### Work instruction:
Please copy out the entries exactly, skipping any pictures.

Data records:
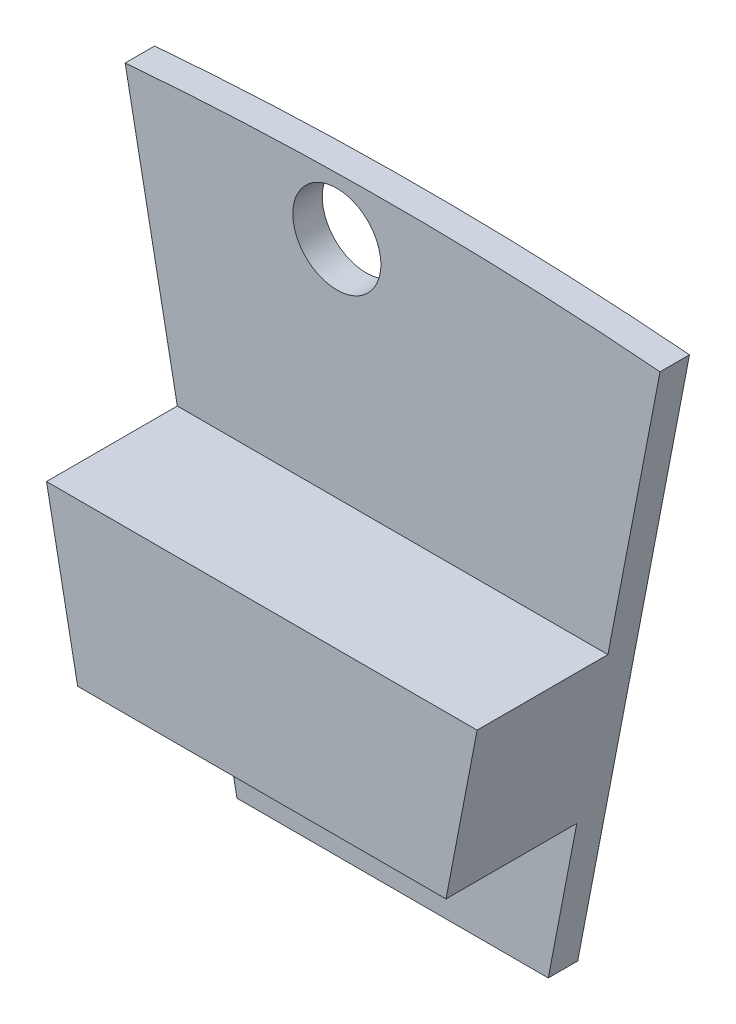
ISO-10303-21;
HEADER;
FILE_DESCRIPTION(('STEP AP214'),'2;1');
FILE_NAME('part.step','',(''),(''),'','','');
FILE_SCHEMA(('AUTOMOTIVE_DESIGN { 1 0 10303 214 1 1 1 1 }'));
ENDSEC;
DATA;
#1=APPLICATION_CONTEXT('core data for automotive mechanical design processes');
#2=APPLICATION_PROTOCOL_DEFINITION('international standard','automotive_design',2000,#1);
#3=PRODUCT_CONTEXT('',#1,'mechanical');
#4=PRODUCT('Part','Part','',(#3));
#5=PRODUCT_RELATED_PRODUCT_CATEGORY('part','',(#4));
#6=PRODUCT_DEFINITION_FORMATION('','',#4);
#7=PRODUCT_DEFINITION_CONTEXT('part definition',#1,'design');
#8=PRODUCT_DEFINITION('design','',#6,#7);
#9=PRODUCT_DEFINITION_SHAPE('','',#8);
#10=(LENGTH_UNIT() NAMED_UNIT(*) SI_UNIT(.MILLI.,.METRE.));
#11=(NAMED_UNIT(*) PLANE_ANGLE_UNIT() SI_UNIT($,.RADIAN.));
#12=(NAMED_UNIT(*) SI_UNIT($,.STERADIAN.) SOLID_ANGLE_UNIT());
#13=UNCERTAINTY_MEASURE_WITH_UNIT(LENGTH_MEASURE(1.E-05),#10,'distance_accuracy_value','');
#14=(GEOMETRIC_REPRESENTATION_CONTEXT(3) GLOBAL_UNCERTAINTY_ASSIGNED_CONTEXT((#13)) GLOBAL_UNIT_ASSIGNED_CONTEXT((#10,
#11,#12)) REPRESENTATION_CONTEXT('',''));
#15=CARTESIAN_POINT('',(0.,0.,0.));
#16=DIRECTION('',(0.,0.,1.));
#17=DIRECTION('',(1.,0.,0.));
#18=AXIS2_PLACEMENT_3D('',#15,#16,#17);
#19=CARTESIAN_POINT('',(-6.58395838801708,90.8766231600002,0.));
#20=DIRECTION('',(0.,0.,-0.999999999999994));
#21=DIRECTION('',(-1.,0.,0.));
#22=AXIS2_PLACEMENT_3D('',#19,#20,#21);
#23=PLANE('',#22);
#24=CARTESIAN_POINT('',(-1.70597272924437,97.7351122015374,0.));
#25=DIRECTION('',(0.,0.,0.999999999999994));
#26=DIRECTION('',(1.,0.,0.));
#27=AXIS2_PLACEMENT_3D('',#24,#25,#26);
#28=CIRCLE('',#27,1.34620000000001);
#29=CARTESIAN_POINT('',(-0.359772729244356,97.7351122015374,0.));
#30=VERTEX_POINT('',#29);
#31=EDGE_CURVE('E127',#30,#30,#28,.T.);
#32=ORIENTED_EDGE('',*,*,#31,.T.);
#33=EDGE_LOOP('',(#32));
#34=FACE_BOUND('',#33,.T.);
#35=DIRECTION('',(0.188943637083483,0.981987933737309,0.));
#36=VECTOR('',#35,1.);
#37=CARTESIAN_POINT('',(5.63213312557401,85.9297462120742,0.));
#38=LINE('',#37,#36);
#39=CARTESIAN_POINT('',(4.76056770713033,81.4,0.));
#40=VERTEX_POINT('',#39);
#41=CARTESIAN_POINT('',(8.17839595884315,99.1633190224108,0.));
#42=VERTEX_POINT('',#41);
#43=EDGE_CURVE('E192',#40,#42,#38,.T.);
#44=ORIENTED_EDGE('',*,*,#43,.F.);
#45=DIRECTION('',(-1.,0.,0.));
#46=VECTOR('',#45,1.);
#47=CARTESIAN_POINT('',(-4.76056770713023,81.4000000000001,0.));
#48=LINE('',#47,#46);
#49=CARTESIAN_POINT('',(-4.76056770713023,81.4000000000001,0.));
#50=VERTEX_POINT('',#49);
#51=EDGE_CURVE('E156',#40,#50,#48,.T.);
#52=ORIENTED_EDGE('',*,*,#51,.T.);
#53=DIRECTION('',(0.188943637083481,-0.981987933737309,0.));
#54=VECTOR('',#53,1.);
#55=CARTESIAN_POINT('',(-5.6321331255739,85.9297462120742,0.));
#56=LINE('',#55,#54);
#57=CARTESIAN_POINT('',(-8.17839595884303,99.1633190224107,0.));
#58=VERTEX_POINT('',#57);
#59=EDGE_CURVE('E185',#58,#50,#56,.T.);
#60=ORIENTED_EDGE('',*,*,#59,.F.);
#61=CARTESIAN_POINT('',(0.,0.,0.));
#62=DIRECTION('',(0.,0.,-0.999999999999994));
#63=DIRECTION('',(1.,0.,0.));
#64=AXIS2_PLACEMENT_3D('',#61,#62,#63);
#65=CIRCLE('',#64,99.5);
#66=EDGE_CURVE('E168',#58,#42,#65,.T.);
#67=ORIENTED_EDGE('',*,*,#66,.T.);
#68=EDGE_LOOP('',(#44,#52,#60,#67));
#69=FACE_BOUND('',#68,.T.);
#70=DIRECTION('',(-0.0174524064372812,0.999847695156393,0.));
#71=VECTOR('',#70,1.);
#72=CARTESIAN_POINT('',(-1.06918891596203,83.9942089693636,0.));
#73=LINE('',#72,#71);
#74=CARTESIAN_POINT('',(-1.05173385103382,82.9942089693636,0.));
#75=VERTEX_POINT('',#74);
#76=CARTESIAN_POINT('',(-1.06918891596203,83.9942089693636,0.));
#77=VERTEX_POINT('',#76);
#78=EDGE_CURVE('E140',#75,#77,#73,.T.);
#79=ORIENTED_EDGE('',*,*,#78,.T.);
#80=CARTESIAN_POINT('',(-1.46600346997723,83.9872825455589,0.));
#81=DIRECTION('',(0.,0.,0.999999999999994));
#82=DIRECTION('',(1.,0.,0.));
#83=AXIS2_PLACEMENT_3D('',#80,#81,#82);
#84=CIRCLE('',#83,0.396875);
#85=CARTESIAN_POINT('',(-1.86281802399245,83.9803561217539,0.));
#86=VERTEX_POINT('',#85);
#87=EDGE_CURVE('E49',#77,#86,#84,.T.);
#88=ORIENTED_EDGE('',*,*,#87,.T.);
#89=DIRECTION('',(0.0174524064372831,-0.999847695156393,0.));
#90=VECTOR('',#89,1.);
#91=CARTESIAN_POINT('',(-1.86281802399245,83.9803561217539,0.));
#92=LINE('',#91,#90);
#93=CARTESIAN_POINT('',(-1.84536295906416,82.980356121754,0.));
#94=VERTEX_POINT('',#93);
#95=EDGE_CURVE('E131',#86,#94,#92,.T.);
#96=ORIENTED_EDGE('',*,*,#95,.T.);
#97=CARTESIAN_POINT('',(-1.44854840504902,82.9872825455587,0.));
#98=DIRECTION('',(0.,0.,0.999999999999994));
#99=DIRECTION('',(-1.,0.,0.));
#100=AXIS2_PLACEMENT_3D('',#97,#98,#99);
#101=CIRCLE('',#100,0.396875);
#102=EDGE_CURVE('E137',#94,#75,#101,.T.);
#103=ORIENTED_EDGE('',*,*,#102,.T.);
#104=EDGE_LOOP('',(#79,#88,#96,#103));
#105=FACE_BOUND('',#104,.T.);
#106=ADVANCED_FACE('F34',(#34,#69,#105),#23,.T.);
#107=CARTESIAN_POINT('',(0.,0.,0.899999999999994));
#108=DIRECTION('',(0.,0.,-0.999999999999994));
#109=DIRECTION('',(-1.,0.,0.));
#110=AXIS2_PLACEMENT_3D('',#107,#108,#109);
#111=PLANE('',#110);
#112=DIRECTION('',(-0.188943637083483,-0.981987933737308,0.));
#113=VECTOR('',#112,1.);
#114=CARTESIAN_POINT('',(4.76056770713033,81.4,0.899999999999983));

### Response to this exercise:
ISO-10303-21;
HEADER;
FILE_DESCRIPTION(('STEP AP214'),'2;1');
FILE_NAME('part.step','',(''),(''),'','','');
FILE_SCHEMA(('AUTOMOTIVE_DESIGN { 1 0 10303 214 1 1 1 1 }'));
ENDSEC;
DATA;
#1=APPLICATION_CONTEXT('core data for automotive mechanical design processes');
#2=APPLICATION_PROTOCOL_DEFINITION('international standard','automotive_design',2000,#1);
#3=PRODUCT_CONTEXT('',#1,'mechanical');
#4=PRODUCT('Part','Part','',(#3));
#5=PRODUCT_RELATED_PRODUCT_CATEGORY('part','',(#4));
#6=PRODUCT_DEFINITION_FORMATION('','',#4);
#7=PRODUCT_DEFINITION_CONTEXT('part definition',#1,'design');
#8=PRODUCT_DEFINITION('design','',#6,#7);
#9=PRODUCT_DEFINITION_SHAPE('','',#8);
#10=(LENGTH_UNIT() NAMED_UNIT(*) SI_UNIT(.MILLI.,.METRE.));
#11=(NAMED_UNIT(*) PLANE_ANGLE_UNIT() SI_UNIT($,.RADIAN.));
#12=(NAMED_UNIT(*) SI_UNIT($,.STERADIAN.) SOLID_ANGLE_UNIT());
#13=UNCERTAINTY_MEASURE_WITH_UNIT(LENGTH_MEASURE(1.E-05),#10,'distance_accuracy_value','');
#14=(GEOMETRIC_REPRESENTATION_CONTEXT(3) GLOBAL_UNCERTAINTY_ASSIGNED_CONTEXT((#13)) GLOBAL_UNIT_ASSIGNED_CONTEXT((#10,
#11,#12)) REPRESENTATION_CONTEXT('',''));
#15=CARTESIAN_POINT('',(0.,0.,0.));
#16=DIRECTION('',(0.,0.,1.));
#17=DIRECTION('',(1.,0.,0.));
#18=AXIS2_PLACEMENT_3D('',#15,#16,#17);
#19=CARTESIAN_POINT('',(-6.58395838801708,90.8766231600002,0.));
#20=DIRECTION('',(0.,0.,-0.999999999999994));
#21=DIRECTION('',(-1.,0.,0.));
#22=AXIS2_PLACEMENT_3D('',#19,#20,#21);
#23=PLANE('',#22);
#24=CARTESIAN_POINT('',(-1.70597272924437,97.7351122015374,0.));
#25=DIRECTION('',(0.,0.,0.999999999999994));
#26=DIRECTION('',(1.,0.,0.));
#27=AXIS2_PLACEMENT_3D('',#24,#25,#26);
#28=CIRCLE('',#27,1.34620000000001);
#29=CARTESIAN_POINT('',(-0.359772729244356,97.7351122015374,0.));
#30=VERTEX_POINT('',#29);
#31=EDGE_CURVE('E127',#30,#30,#28,.T.);
#32=ORIENTED_EDGE('',*,*,#31,.T.);
#33=EDGE_LOOP('',(#32));
#34=FACE_BOUND('',#33,.T.);
#35=DIRECTION('',(0.188943637083483,0.981987933737309,0.));
#36=VECTOR('',#35,1.);
#37=CARTESIAN_POINT('',(5.63213312557401,85.9297462120742,0.));
#38=LINE('',#37,#36);
#39=CARTESIAN_POINT('',(4.76056770713033,81.4,0.));
#40=VERTEX_POINT('',#39);
#41=CARTESIAN_POINT('',(8.17839595884315,99.1633190224108,0.));
#42=VERTEX_POINT('',#41);
#43=EDGE_CURVE('E192',#40,#42,#38,.T.);
#44=ORIENTED_EDGE('',*,*,#43,.F.);
#45=DIRECTION('',(-1.,0.,0.));
#46=VECTOR('',#45,1.);
#47=CARTESIAN_POINT('',(-4.76056770713023,81.4000000000001,0.));
#48=LINE('',#47,#46);
#49=CARTESIAN_POINT('',(-4.76056770713023,81.4000000000001,0.));
#50=VERTEX_POINT('',#49);
#51=EDGE_CURVE('E156',#40,#50,#48,.T.);
#52=ORIENTED_EDGE('',*,*,#51,.T.);
#53=DIRECTION('',(0.188943637083481,-0.981987933737309,0.));
#54=VECTOR('',#53,1.);
#55=CARTESIAN_POINT('',(-5.6321331255739,85.9297462120742,0.));
#56=LINE('',#55,#54);
#57=CARTESIAN_POINT('',(-8.17839595884303,99.1633190224107,0.));
#58=VERTEX_POINT('',#57);
#59=EDGE_CURVE('E185',#58,#50,#56,.T.);
#60=ORIENTED_EDGE('',*,*,#59,.F.);
#61=CARTESIAN_POINT('',(0.,0.,0.));
#62=DIRECTION('',(0.,0.,-0.999999999999994));
#63=DIRECTION('',(1.,0.,0.));
#64=AXIS2_PLACEMENT_3D('',#61,#62,#63);
#65=CIRCLE('',#64,99.5);
#66=EDGE_CURVE('E168',#58,#42,#65,.T.);
#67=ORIENTED_EDGE('',*,*,#66,.T.);
#68=EDGE_LOOP('',(#44,#52,#60,#67));
#69=FACE_BOUND('',#68,.T.);
#70=DIRECTION('',(-0.0174524064372812,0.999847695156393,0.));
#71=VECTOR('',#70,1.);
#72=CARTESIAN_POINT('',(-1.06918891596203,83.9942089693636,0.));
#73=LINE('',#72,#71);
#74=CARTESIAN_POINT('',(-1.05173385103382,82.9942089693636,0.));
#75=VERTEX_POINT('',#74);
#76=CARTESIAN_POINT('',(-1.06918891596203,83.9942089693636,0.));
#77=VERTEX_POINT('',#76);
#78=EDGE_CURVE('E140',#75,#77,#73,.T.);
#79=ORIENTED_EDGE('',*,*,#78,.T.);
#80=CARTESIAN_POINT('',(-1.46600346997723,83.9872825455589,0.));
#81=DIRECTION('',(0.,0.,0.999999999999994));
#82=DIRECTION('',(1.,0.,0.));
#83=AXIS2_PLACEMENT_3D('',#80,#81,#82);
#84=CIRCLE('',#83,0.396875);
#85=CARTESIAN_POINT('',(-1.86281802399245,83.9803561217539,0.));
#86=VERTEX_POINT('',#85);
#87=EDGE_CURVE('E49',#77,#86,#84,.T.);
#88=ORIENTED_EDGE('',*,*,#87,.T.);
#89=DIRECTION('',(0.0174524064372831,-0.999847695156393,0.));
#90=VECTOR('',#89,1.);
#91=CARTESIAN_POINT('',(-1.86281802399245,83.9803561217539,0.));
#92=LINE('',#91,#90);
#93=CARTESIAN_POINT('',(-1.84536295906416,82.980356121754,0.));
#94=VERTEX_POINT('',#93);
#95=EDGE_CURVE('E131',#86,#94,#92,.T.);
#96=ORIENTED_EDGE('',*,*,#95,.T.);
#97=CARTESIAN_POINT('',(-1.44854840504902,82.9872825455587,0.));
#98=DIRECTION('',(0.,0.,0.999999999999994));
#99=DIRECTION('',(-1.,0.,0.));
#100=AXIS2_PLACEMENT_3D('',#97,#98,#99);
#101=CIRCLE('',#100,0.396875);
#102=EDGE_CURVE('E137',#94,#75,#101,.T.);
#103=ORIENTED_EDGE('',*,*,#102,.T.);
#104=EDGE_LOOP('',(#79,#88,#96,#103));
#105=FACE_BOUND('',#104,.T.);
#106=ADVANCED_FACE('F34',(#34,#69,#105),#23,.T.);
#107=CARTESIAN_POINT('',(0.,0.,0.899999999999994));
#108=DIRECTION('',(0.,0.,-0.999999999999994));
#109=DIRECTION('',(-1.,0.,0.));
#110=AXIS2_PLACEMENT_3D('',#107,#108,#109);
#111=PLANE('',#110);
#112=DIRECTION('',(-0.188943637083483,-0.981987933737308,0.));
#113=VECTOR('',#112,1.);
#114=CARTESIAN_POINT('',(4.76056770713033,81.4,0.899999999999983));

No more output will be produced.